The ‘1 vs all’ classification architecture proved to be the most effective achieving a peak classification accuracy of 74% on well represented fault types. The ‘single’ and ‘pairwise’ architectures were also reasonably effective.
Order oblivious filtering assists the application of the methodology to continuous video footage, incorporating information from neighbouring frames to improve accuracy.
Particular care should be taken when selecting the calibration dataset as all required fault types should be well represented (at least 100 examples). However, if this is not possible, alternative approaches can be considered (classifying only a subset of fault types or considering the most likely two, three or four fault types).
Future work will focus on the development of this technology, applying the fault type identification methodology to a larger and more comprehensive dataset.

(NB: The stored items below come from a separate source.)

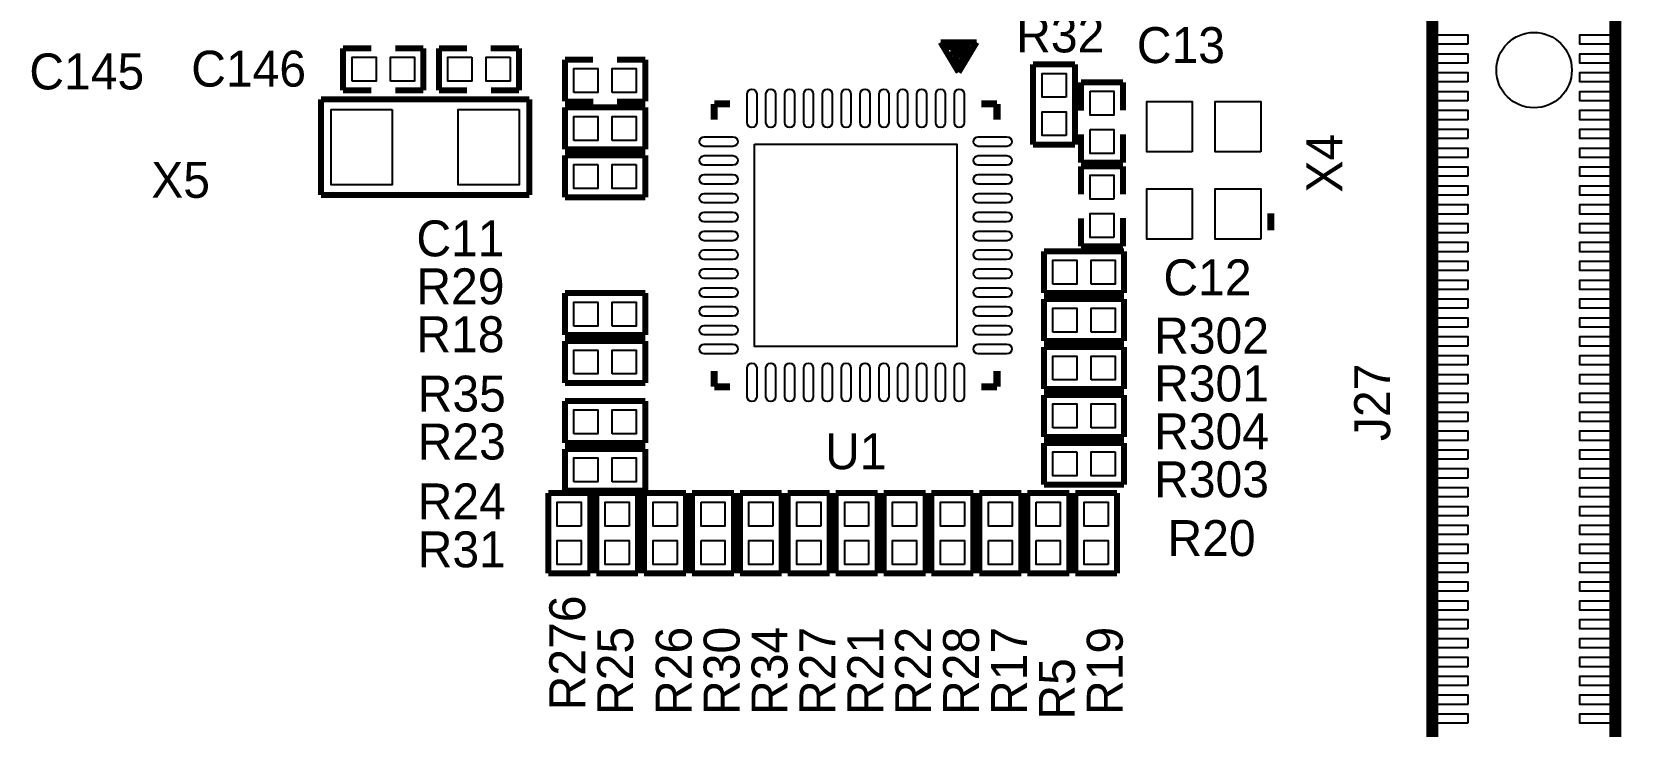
# Model space of a CAD drawing. Extents: x -68.5 to 22.8, y 26 to 103.8.
# Drawn here: x -43.86 to -10.15, y 65.72 to 80.45 of the extents above; entities that cross this region are included whole.
import ezdxf
from ezdxf.enums import TextEntityAlignment as Align

# ---------------------------------------------------------------- set-up
doc = ezdxf.new("R2010")
doc.units = 0
for name, color, linetype in [('PG_SILKSCREEN_TOP', 7, 'CONTINUOUS'), ('PIN_TOP', 84, 'CONTINUOUS'), ('RD_SILKSCREEN_TOP', 7, 'CONTINUOUS')]:
    doc.layers.add(name, color=color, linetype=linetype)

msp = doc.modelspace()

# ---------------------------------------------------------------- linework, layer by layer
at = {"layer": 'PG_SILKSCREEN_TOP'}
for points, const_width in [([(-14.153896, 61.332872), (-14.153896, 84.432648)], 0.254), ([(-10.273792, 84.432648), (-10.273792, 61.332872)], 0.254), ([(-24.584152, 80.224376), (-24.457152, 80.224376)], 0.127), ([(-24.203152, 79.589376), (-24.584152, 80.224376)], 0.127), ([(-24.584152, 80.224376), (-23.822152, 80.224376)], 0.127), ([(-24.457152, 80.224376), (-24.457152, 80.122776)], 0.127), ([(-23.822152, 80.224376), (-24.203152, 79.589376)], 0.127), ([(-37.25926, 80.09636), (-36.66236, 80.09636)], 0.127), ([(-37.25926, 79.20736), (-37.25926, 80.09636)], 0.127), ([(-36.15436, 80.09636), (-35.55746, 80.09636)], 0.127), ([(-35.55746, 80.09636), (-35.55746, 79.20736)], 0.127), ([(-35.22726, 80.09636), (-34.63036, 80.09636)], 0.127), ([(-35.22726, 79.20736), (-35.22726, 80.09636)], 0.127), ([(-34.12617, 80.09636), (-33.52546, 80.09636)], 0.127), ([(-33.52546, 80.09636), (-33.52546, 79.20736)], 0.127), ([(-32.552894, 79.857854), (-31.955994, 79.857854)], 0.127), ([(-32.552894, 78.968854), (-32.552894, 79.857854)], 0.127), ([(-31.447994, 79.857854), (-30.851094, 79.857854)], 0.127), ([(-30.851094, 79.857854), (-30.851094, 78.968854)], 0.127), ([(-24.457152, 80.122776), (-23.949152, 80.122776)], 0.127), ([(-24.380952, 80.021176), (-24.330152, 79.944976)], 0.127), ([(-23.999952, 80.021176), (-24.380952, 80.021176)], 0.127), ([(-24.330152, 79.944976), (-24.050752, 79.944976)], 0.127), ([(-24.304752, 79.868776), (-24.177752, 79.868776)], 0.127), ([(-24.203152, 79.716376), (-24.304752, 79.868776)], 0.127), ([(-24.050752, 79.944976), (-24.203152, 79.716376)], 0.127), ([(-23.949152, 80.122776), (-23.999952, 80.021176)], 0.127), ([(-22.621494, 78.054454), (-22.621494, 79.756254)], 0.127), ([(-22.621494, 79.756254), (-21.732494, 79.756254)], 0.127), ([(-21.732494, 79.756254), (-21.732494, 78.054454)], 0.127), ([(-36.65855, 79.20736), (-37.25926, 79.20736)], 0.127), ([(-35.55746, 79.20736), (-36.15436, 79.20736)], 0.127), ([(-34.63036, 79.20736), (-35.22726, 79.20736)], 0.127), ([(-33.52546, 79.20736), (-34.12236, 79.20736)], 0.127), ([(-21.605494, 79.375254), (-20.716494, 79.375254)], 0.127), ([(-21.605494, 78.774544), (-21.605494, 79.375254)], 0.127), ([(-20.716494, 79.375254), (-20.716494, 78.778354)], 0.127), ([(-37.72916, 76.98486), (-37.72916, 79.01686)], 0.127), ([(-37.72916, 79.01686), (-33.30956, 79.01686)], 0.127), ([(-33.30956, 79.01686), (-33.30956, 76.98486)], 0.127), ([(-31.952184, 78.968854), (-32.552894, 78.968854)], 0.127), ([(-32.552894, 78.841854), (-30.851094, 78.841854)], 0.127), ([(-32.552894, 77.952854), (-32.552894, 78.841854)], 0.127), ([(-30.851094, 78.968854), (-31.447994, 78.968854)], 0.127), ([(-30.851094, 78.841854), (-30.851094, 77.952854)], 0.127), ([(-29.387546, 78.91907), (-29.387546, 78.586076)], 0.1524), ([(-29.054552, 78.91907), (-29.387546, 78.91907)], 0.1524), ([(-23.387558, 78.91907), (-23.720552, 78.91907)], 0.1524), ([(-23.387558, 78.586076), (-23.387558, 78.91907)], 0.1524), ([(-21.605494, 77.673454), (-21.605494, 78.270354)], 0.127), ([(-20.716494, 78.270354), (-20.716494, 77.673454)], 0.127), ([(-30.851094, 77.952854), (-32.552894, 77.952854)], 0.127), ([(-32.552894, 76.936854), (-32.552894, 77.825854)], 0.127), ([(-32.552894, 77.825854), (-30.851094, 77.825854)], 0.127), ([(-30.851094, 77.825854), (-30.851094, 76.936854)], 0.127), ([(-21.732494, 78.054454), (-22.621494, 78.054454)], 0.127), ([(-20.716494, 77.673454), (-21.605494, 77.673454)], 0.127), ([(-21.605494, 77.000354), (-21.605494, 77.597254)], 0.127), ([(-21.605494, 77.597254), (-20.716494, 77.597254)], 0.127), ([(-20.716494, 77.597254), (-20.716494, 77.000354)], 0.127), ([(-33.30956, 76.98486), (-37.72916, 76.98486)], 0.127), ([(-30.851094, 76.936854), (-32.552894, 76.936854)], 0.127), ([(-21.605494, 75.895454), (-21.605494, 76.492354)], 0.127), ([(-20.716494, 76.496164), (-20.716494, 75.895454)], 0.127), ([(-17.579594, 76.238354), (-17.579594, 76.593954)], 0.1524), ([(-20.716494, 75.895454), (-21.605494, 75.895454)], 0.127), ([(-22.392894, 75.793854), (-20.691094, 75.793854)], 0.127), ([(-22.392894, 74.904854), (-22.392894, 75.793854)], 0.127), ([(-20.691094, 75.793854), (-20.691094, 74.904854)], 0.127), ([(-32.552894, 74.904854), (-30.851094, 74.904854)], 0.127), ([(-32.552894, 74.015854), (-32.552894, 74.904854)], 0.127), ([(-30.851094, 74.904854), (-30.851094, 74.015854)], 0.127), ([(-20.691094, 74.904854), (-22.392894, 74.904854)], 0.127), ([(-22.392894, 74.777854), (-20.691094, 74.777854)], 0.127), ([(-22.392894, 73.888854), (-22.392894, 74.777854)], 0.127), ([(-20.691094, 74.777854), (-20.691094, 73.888854)], 0.127), ([(-30.851094, 74.015854), (-32.552894, 74.015854)], 0.127), ([(-32.552894, 73.888854), (-30.851094, 73.888854)], 0.127), ([(-32.552894, 72.999854), (-32.552894, 73.888854)], 0.127), ([(-30.851094, 73.888854), (-30.851094, 72.999854)], 0.127), ([(-20.691094, 73.888854), (-22.392894, 73.888854)], 0.127), ([(-22.392894, 73.761854), (-20.691094, 73.761854)], 0.127), ([(-22.392894, 72.872854), (-22.392894, 73.761854)], 0.127), ([(-20.691094, 73.761854), (-20.691094, 72.872854)], 0.127), ([(-29.387546, 73.252076), (-29.387546, 72.919082)], 0.1524), ([(-23.387558, 72.919082), (-23.387558, 73.252076)], 0.1524), ([(-30.851094, 72.999854), (-32.552894, 72.999854)], 0.127), ([(-29.387546, 72.919082), (-29.054552, 72.919082)], 0.1524), ([(-23.720552, 72.919082), (-23.387558, 72.919082)], 0.1524), ([(-20.691094, 72.872854), (-22.392894, 72.872854)], 0.127), ([(-32.552894, 72.618854), (-30.851094, 72.618854)], 0.127), ([(-32.552894, 71.729854), (-32.552894, 72.618854)], 0.127), ([(-30.851094, 72.618854), (-30.851094, 71.729854)], 0.127), ([(-22.392894, 72.745854), (-20.691094, 72.745854)], 0.127), ([(-22.392894, 71.856854), (-22.392894, 72.745854)], 0.127), ([(-20.691094, 72.745854), (-20.691094, 71.856854)], 0.127), ([(-20.691094, 71.856854), (-22.392894, 71.856854)], 0.127), ([(-30.851094, 71.729854), (-32.552894, 71.729854)], 0.127), ([(-32.552894, 71.602854), (-30.851094, 71.602854)], 0.127), ([(-32.552894, 70.713854), (-32.552894, 71.602854)], 0.127), ([(-30.851094, 71.602854), (-30.851094, 70.713854)], 0.127), ([(-22.392894, 71.729854), (-20.691094, 71.729854)], 0.127), ([(-22.392894, 70.840854), (-22.392894, 71.729854)], 0.127), ([(-20.691094, 71.729854), (-20.691094, 70.840854)], 0.127), ([(-20.691094, 70.840854), (-22.392894, 70.840854)], 0.127), ([(-32.905954, 70.663054), (-32.016954, 70.663054)], 0.127), ([(-32.905954, 68.961254), (-32.905954, 70.663054)], 0.127), ([(-30.851094, 70.713854), (-32.552894, 70.713854)], 0.127), ([(-32.016954, 70.663054), (-32.016954, 68.961254)], 0.127), ([(-31.889954, 70.663054), (-31.000954, 70.663054)], 0.127), ([(-31.889954, 68.961254), (-31.889954, 70.663054)], 0.127), ([(-31.000954, 70.663054), (-31.000954, 68.961254)], 0.127), ([(-30.873954, 70.663054), (-29.984954, 70.663054)], 0.127), ([(-30.873954, 68.961254), (-30.873954, 70.663054)], 0.127), ([(-29.984954, 70.663054), (-29.984954, 68.961254)], 0.127), ([(-29.857954, 68.961254), (-29.857954, 70.663054)], 0.127), ([(-29.857954, 70.663054), (-28.968954, 70.663054)], 0.127), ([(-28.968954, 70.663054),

In addition, sampling strategies will be investigated and tested in an attempt to reduce the bias in predictions towards majority classes. The use of multi-label classification is also being tested, attempting to classify multiple faults present in a given frame. Finally, the methodology will be extended to identify other features within a sewer pipe, including connections and manholes. This idea could be further extended to identify the presence of illicit connections (Panasiuk et al. 2015) by overlaying a schematic of the sewer network with the tool's results.
As this work was developed to integrate with a previous fault detection methodology (Myrans et al. 2018), the next steps will be to combine the methodologies into a single decision support tool to assist technicians in the field. This decision support tool will be designed to assist the engineer and could investigate the addition of extra technologies. These could include the identification of the location of a fault within a frame using the RF's intuitive structure (Myrans et al. 2018) or incorporating additional information about the pipe/topology to improve decision-making. Overall, this fault type identification methodology, alongside other techniques, will work together to speed up and assist the surveying of sewer pipes.
ACKNOWLEDGEMENTS
This work was supported by the Engineering and Physical Sciences Research Council in the UK via grant EP/L0116214/1 awarded for the Water Informatics, Science and Engineering (WISE) centre for doctoral training, which is gratefully acknowledged. This work was also kindly supported by Wessex Water (Julian Britton) who provided the annotated CCTV footage and industrial insight, which is equally gratefully acknowledged.